How to Enable SSO on a ThingWorx Server Hosted in OCI (Oracle Cloud Infrastructure)?

Hello Everyone,

I have a ThingWorx instance hosted on an OCI (Oracle Cloud Infrastructure) server, and I would like to enable Single Sign-On (SSO) for the platform.

I am not sure about the correct steps or prerequisites for configuring SSO in this setup. Could you please guide me on the following:

  1. What are the requirements for enabling SSO on a ThingWorx server hosted in OCI?

  2. Which SSO protocols are supported (e.g., SAML, OAuth, OpenID Connect)?

  3. Is there any documentation or step-by-step guide available for configuring SSO in this environment?

  4. Do I need to make any additional configurations on the OCI side (networking, certificates, identity provider integration, etc.)?

  5. Any best practices or common issues to be aware of.
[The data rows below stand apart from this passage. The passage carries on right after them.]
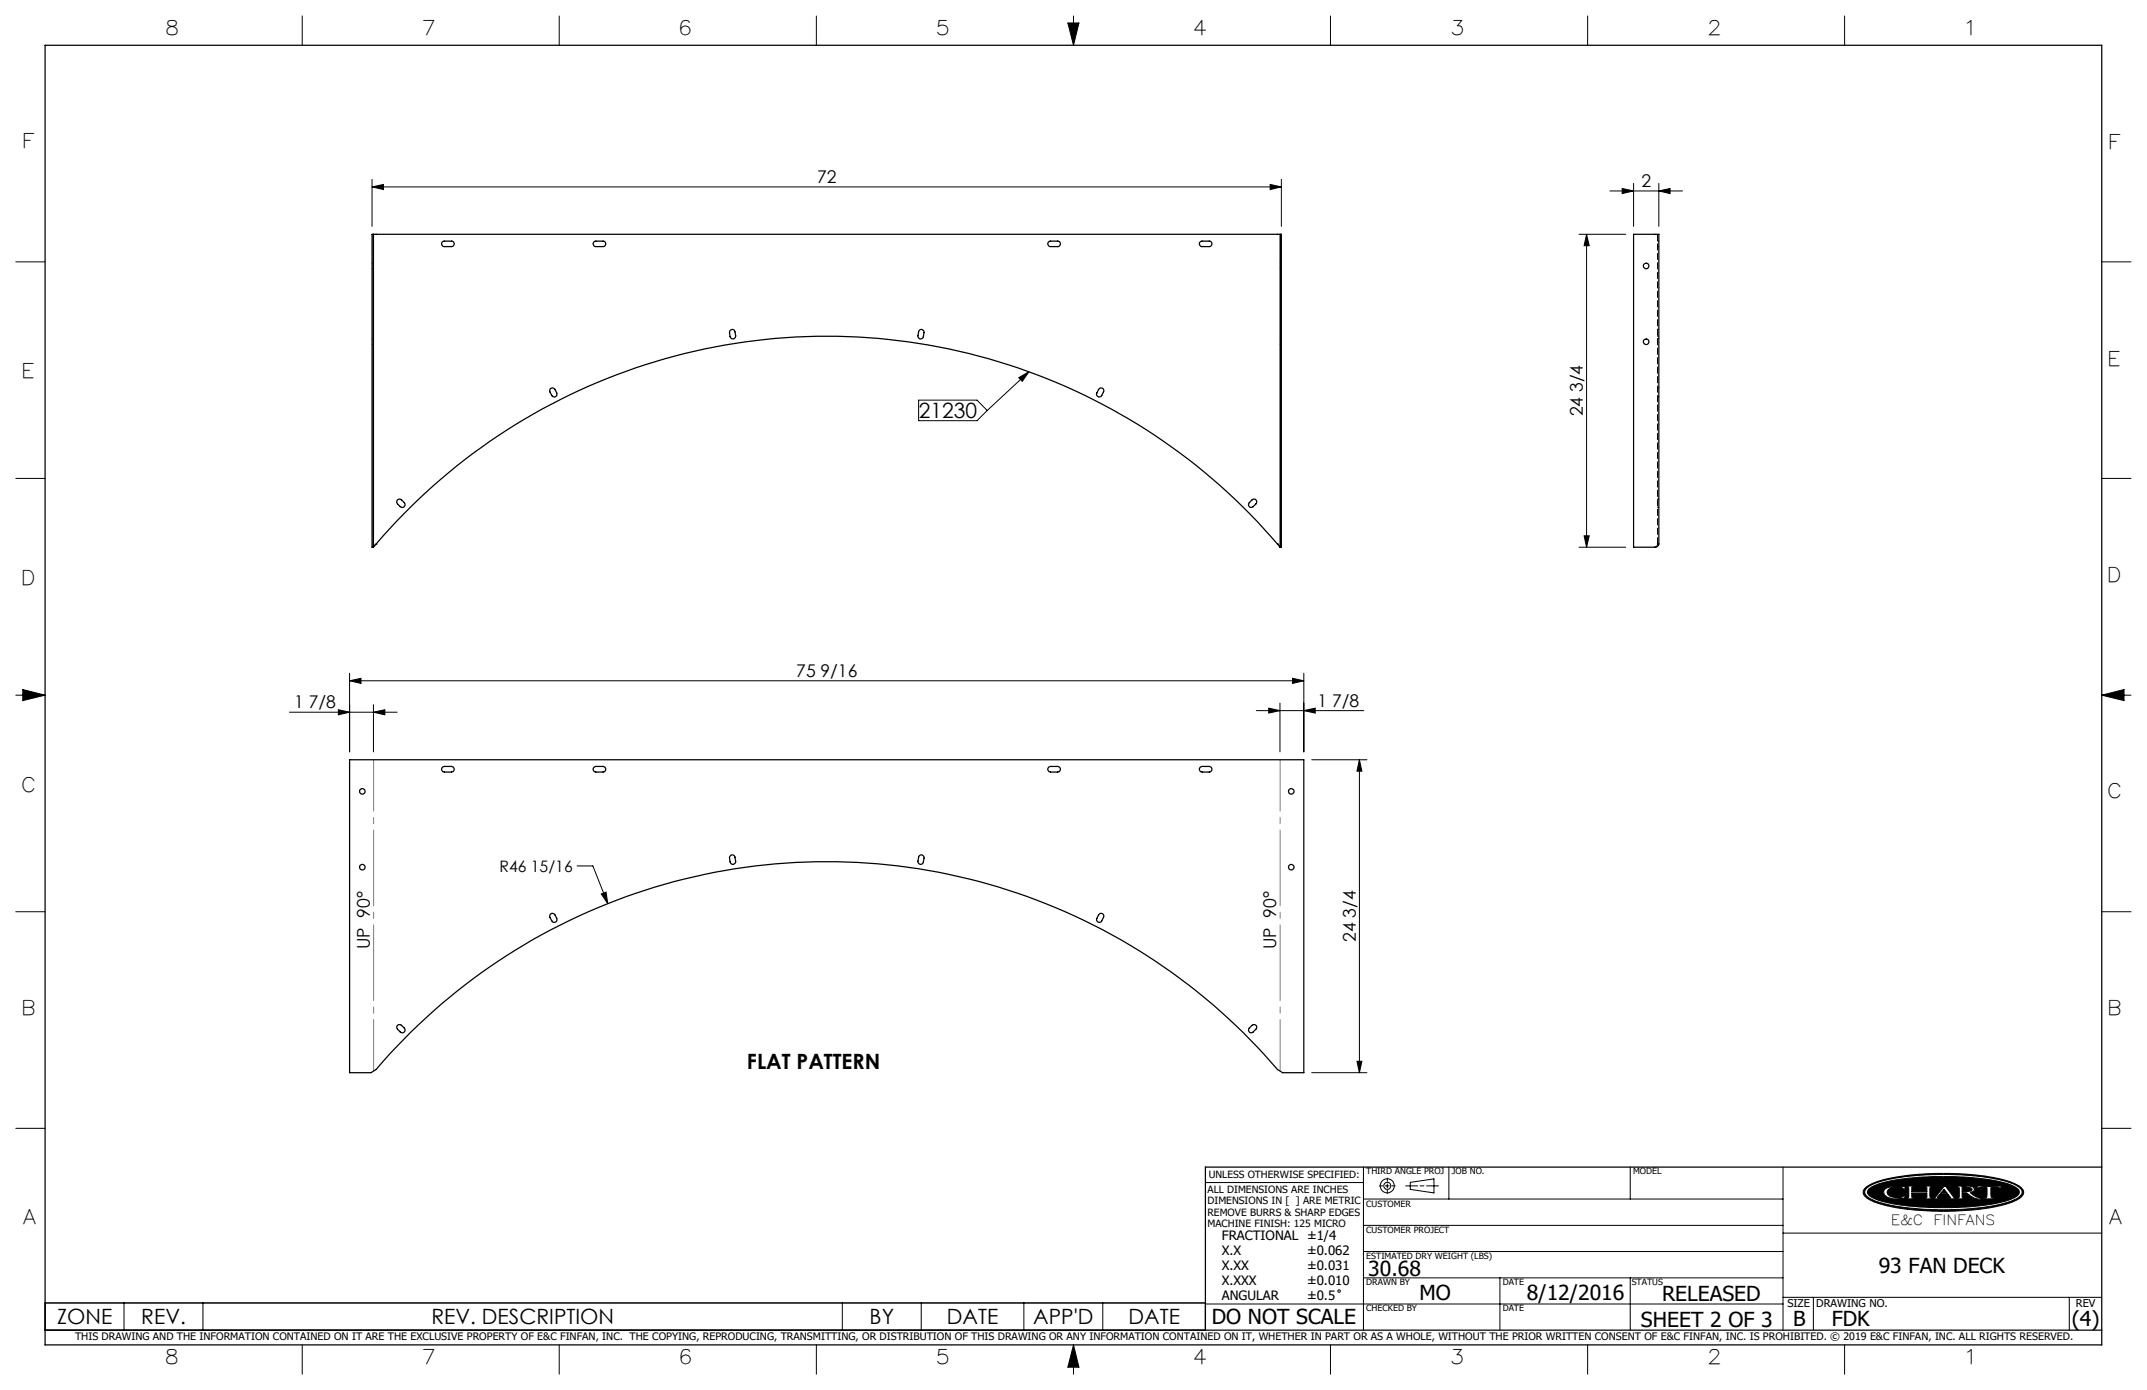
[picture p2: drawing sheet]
<svg xmlns="http://www.w3.org/2000/svg" width="432mm" height="279mm" viewBox="0 0 432 279" stroke-linecap="round" stroke-linejoin="round" font-family="sans-serif">
<g fill="none" stroke="#000" stroke-width=".2">
<path d="M60.8 3.2v5.9M112.5 3.2v5.9M164.2 3.2v5.9M214.8 4.6h2.2l-1.1 4.5zM215.9 3.2v5.9M267.6 3.2v5.9M319.3 3.2v5.9M371 3.2v5.9M74.8 37.6l2.3-.5v1zM74.8 36.1v9.4M74.8 37.6h182.9M255.4 37.1l2.3 .5-2.3 .5z"/>
<path d="M257.7 36.1v9.4M323.8 38.4h14.6M326.2 37.9l2.3 .5-2.3 .5zM328.5 36.9v8.6M333.6 38.4l2.3-.5v1zM333.6 36.9v8.6M3.2 52.6h5.9M317.6 47.1h9.4M319.1 47.1v62.9M319.1 47.1l.5 2.3h-1zM422.7 52.6h5.9M204.9 75.9l2-1.2-1.3 2z"/>
<path d="M206.9 74.7l-8.4 7.8M3.2 96.2h5.9M184.7 80.4h11.8l2 2.1-2 2.1h-11.8zM422.7 96.2h5.9M317.6 110h9.4M318.6 107.7h1l-.5 2.3zM3.2 139.7h5.9M4.6 138.6l4.5 1.1-4.5 1.1zM70.3 136.8l2.3-.5v1.1zM70.3 135.3v15.8M70.3 136.8h191.9M260 136.3l2.2 .5-2.2 .6z"/>
<path d="M262.2 135.3v15.8M422.7 139.7h5.9M422.7 139.7l4.5-1.1v2.2zM58.2 143.2h21.7M68.1 142.7l2.2 .5-2.2 .5zM75.1 143.2l2.3-.5v1zM75.1 141.6v9.5M252.7 142.8h21.6M255.2 142.3l2.2 .5-2.2 .5zM257.4 141.3v9.8M262.2 142.8l2.3-.5v1zM263.8 152.7h11.1"/>
<path d="M273.4 152.7v62.9M273.4 152.7l.5 2.3h-1zM116.1 174.1h3.1l3 7.5M120.9 179.7l1-.4 .3 2.3zM3.2 183.3h5.9M422.7 183.3h5.9M263.8 215.6h11.1M272.9 213.3h1l-.5 2.3zM3.2 226.8h5.9M242.4 237.7h31.8M274.2 234.6v32.8M277.4 238.4h.7"/>
<path d="M278.6 238.4h.8M279 236.8v.7M279 238v.8M279 239.3v.6M279.9 238.4h.7M282.7 238.4h2.4M283.6 237.7l4.8-.7v2.8l-4.8-.7zM285.6 238.4h.8M286.9 238.4h2.4M291.4 234.6v6.4M327.9 234.6v6.4M358.6 234.6v32.8"/>
<path d="M375.3 238.7a16.2 16.2 0 0 1 7.4-2.3 55.4 55.4 0 0 1 21.3 1.1l1.9 .8a1.36 1.36 0 0 1 1.1 1.1 1.36 1.36 0 0 1-.7 1.4 23 23 0 0 1-9.9 2.4l-.5 .1a53.3 53.3 0 0 1-18.2-1.4 4.1 4.1 0 0 1-3-2 1.17 1.17 0 0 1 .6-1.2zM375.4 238.9a12.3 12.3 0 0 1 6-2.1 59.4 59.4 0 0 1 22.1 .7 4.5 4.5 0 0 1 3.1 1.9 1.36 1.36 0 0 1-.9 1.5 27.8 27.8 0 0 1-10.4 2.1l-1.1 .1a48.8 48.8 0 0 1-17.3-1.8l-1.5-.9a.94 .94 0 0 1 0-1.5zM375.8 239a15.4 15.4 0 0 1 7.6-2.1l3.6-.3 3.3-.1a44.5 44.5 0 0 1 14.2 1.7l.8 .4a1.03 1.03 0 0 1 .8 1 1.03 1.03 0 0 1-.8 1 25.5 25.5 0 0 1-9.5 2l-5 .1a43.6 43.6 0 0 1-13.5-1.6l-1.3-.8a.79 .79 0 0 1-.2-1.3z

  6. can we have both native login and sso enabled

Any help, references, or examples would be greatly appreciated.

Thank you!

3 REPLIES 3
Rocko
19-Tanzanite
(To:IS_11420788)

Hello,

 

I don't have experience with OCI, but will try to answer some of your questions nevertheless:

 

  1. Likely there are no extra requirements, compared to any other environments. Just to make it clear -- even though ThingWorx documentation speaks about Microsoft Entrata ID and PingFederate, the platform supports any compliant OAuth or SAML implementation.
  2. All three should work. I'd start with OIDC if I were you.
  3. I'm not aware of that. I usually start by creating an OAuth client and configuring it in sso-settings.json file. I find this help page the most useful.
  4. You'd need to register an OAuth client, i.e. obtain a pair of client ID + client secret values.
  5. Enable debug logs for Security and Authentication loggers -- this is where you'll find most of the information about issues as you do trial and error.
  6. No. The only thing you can do is configure a username as an alias for Administrator in your sso-settings.json. This way, when you login as this "normal" user via SSO, you become Administrator and can access Composer, even if you don't have anything else configured, or if your config is broken.

/ Constantine


Vilia (my company) | GitHub | LinkedIn

Hello @IS_11420788


It looks like you have some responses from some community members. If any of these replies helped you solve your question please mark the appropriate reply as the Accepted Solution. 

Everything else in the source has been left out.